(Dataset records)
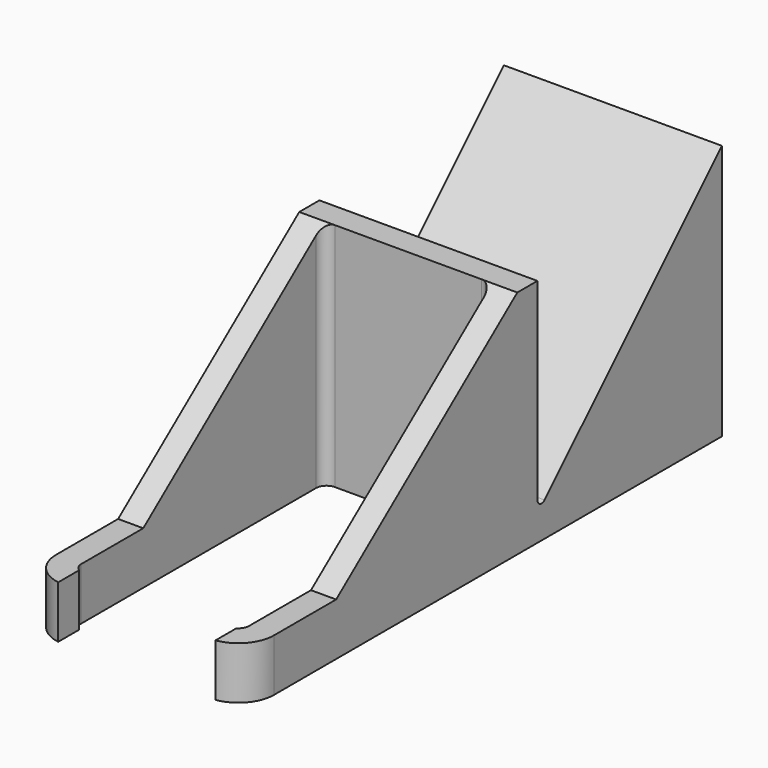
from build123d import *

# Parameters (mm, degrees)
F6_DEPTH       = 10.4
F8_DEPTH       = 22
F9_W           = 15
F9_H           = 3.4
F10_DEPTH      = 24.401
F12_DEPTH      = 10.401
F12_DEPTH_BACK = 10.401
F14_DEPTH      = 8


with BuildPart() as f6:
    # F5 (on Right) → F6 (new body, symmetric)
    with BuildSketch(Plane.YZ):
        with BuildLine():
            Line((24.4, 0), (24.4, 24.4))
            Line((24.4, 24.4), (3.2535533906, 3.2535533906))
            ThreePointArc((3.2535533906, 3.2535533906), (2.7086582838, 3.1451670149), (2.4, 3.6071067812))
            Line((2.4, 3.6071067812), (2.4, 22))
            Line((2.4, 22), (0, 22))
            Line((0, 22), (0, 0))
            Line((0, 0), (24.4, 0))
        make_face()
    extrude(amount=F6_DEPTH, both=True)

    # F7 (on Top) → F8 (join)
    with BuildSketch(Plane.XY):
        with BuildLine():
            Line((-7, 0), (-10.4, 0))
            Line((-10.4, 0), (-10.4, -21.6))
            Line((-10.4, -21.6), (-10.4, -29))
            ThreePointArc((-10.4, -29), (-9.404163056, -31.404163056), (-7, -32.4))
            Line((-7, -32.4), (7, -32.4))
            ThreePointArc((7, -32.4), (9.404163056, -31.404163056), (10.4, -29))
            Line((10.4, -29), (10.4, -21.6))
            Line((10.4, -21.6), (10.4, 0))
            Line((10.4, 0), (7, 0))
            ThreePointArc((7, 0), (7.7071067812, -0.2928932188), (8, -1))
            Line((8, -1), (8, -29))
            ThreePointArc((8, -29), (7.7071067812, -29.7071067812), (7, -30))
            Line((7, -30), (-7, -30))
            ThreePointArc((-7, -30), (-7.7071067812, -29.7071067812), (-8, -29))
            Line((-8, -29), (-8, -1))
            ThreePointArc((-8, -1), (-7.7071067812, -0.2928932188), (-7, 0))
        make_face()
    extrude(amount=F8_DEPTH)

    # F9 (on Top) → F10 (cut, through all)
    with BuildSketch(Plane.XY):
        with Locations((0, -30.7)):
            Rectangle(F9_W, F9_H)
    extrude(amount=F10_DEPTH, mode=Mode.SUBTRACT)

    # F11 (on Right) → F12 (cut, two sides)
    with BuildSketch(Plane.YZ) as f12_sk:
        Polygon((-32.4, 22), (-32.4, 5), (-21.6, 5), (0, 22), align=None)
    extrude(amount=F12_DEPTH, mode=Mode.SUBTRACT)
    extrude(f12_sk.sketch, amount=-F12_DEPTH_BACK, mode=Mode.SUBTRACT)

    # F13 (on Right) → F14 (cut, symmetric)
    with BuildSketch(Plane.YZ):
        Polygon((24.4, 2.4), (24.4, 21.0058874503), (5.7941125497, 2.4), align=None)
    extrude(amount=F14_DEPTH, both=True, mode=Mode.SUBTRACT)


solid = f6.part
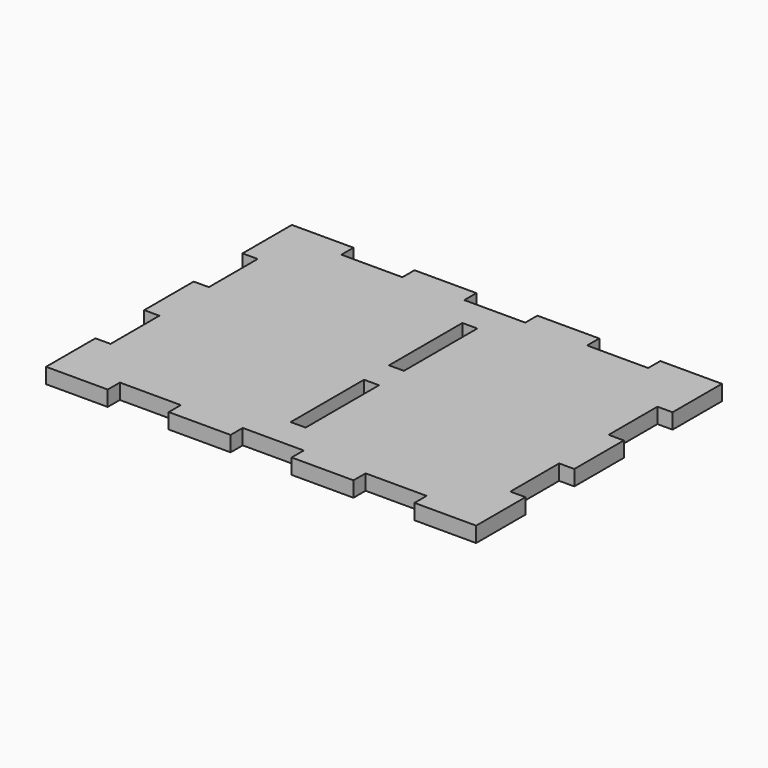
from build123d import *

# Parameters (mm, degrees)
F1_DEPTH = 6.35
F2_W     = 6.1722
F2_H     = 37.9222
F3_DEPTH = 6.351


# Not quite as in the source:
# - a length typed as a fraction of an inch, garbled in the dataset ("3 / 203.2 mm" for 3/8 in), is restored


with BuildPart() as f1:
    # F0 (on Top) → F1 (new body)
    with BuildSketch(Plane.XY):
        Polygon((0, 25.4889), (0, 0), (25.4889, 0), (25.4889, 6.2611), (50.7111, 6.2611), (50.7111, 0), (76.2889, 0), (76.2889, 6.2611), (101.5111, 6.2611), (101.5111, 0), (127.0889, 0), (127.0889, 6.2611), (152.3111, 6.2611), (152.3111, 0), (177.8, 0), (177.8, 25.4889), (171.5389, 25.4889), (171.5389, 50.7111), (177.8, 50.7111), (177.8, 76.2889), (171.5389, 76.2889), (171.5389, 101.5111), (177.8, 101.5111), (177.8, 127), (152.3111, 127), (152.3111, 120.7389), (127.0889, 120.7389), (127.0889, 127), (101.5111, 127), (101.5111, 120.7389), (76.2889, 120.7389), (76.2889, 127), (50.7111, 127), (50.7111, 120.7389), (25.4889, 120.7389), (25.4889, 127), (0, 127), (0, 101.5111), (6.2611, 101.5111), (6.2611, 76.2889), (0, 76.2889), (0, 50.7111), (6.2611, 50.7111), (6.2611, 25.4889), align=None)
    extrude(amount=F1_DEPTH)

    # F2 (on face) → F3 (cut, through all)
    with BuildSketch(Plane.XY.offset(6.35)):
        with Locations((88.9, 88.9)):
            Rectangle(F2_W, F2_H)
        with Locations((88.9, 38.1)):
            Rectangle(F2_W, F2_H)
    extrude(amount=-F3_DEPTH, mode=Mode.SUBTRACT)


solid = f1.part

WHAT THIS TASK INVOLVES
What you give back must be exactly the lines from the opening line of the entries through the line holding "Line((0, 22), (0, 0))", with no pictures.

REPLY
from build123d import *

# Parameters (mm, degrees)
F6_DEPTH       = 10.4
F8_DEPTH       = 22
F9_W           = 15
F9_H           = 3.4
F10_DEPTH      = 24.401
F12_DEPTH      = 10.401
F12_DEPTH_BACK = 10.401
F14_DEPTH      = 8


with BuildPart() as f6:
    # F5 (on Right) → F6 (new body, symmetric)
    with BuildSketch(Plane.YZ):
        with BuildLine():
            Line((24.4, 0), (24.4, 24.4))
            Line((24.4, 24.4), (3.2535533906, 3.2535533906))
            ThreePointArc((3.2535533906, 3.2535533906), (2.7086582838, 3.1451670149), (2.4, 3.6071067812))
            Line((2.4, 3.6071067812), (2.4, 22))
            Line((2.4, 22), (0, 22))
            Line((0, 22), (0, 0))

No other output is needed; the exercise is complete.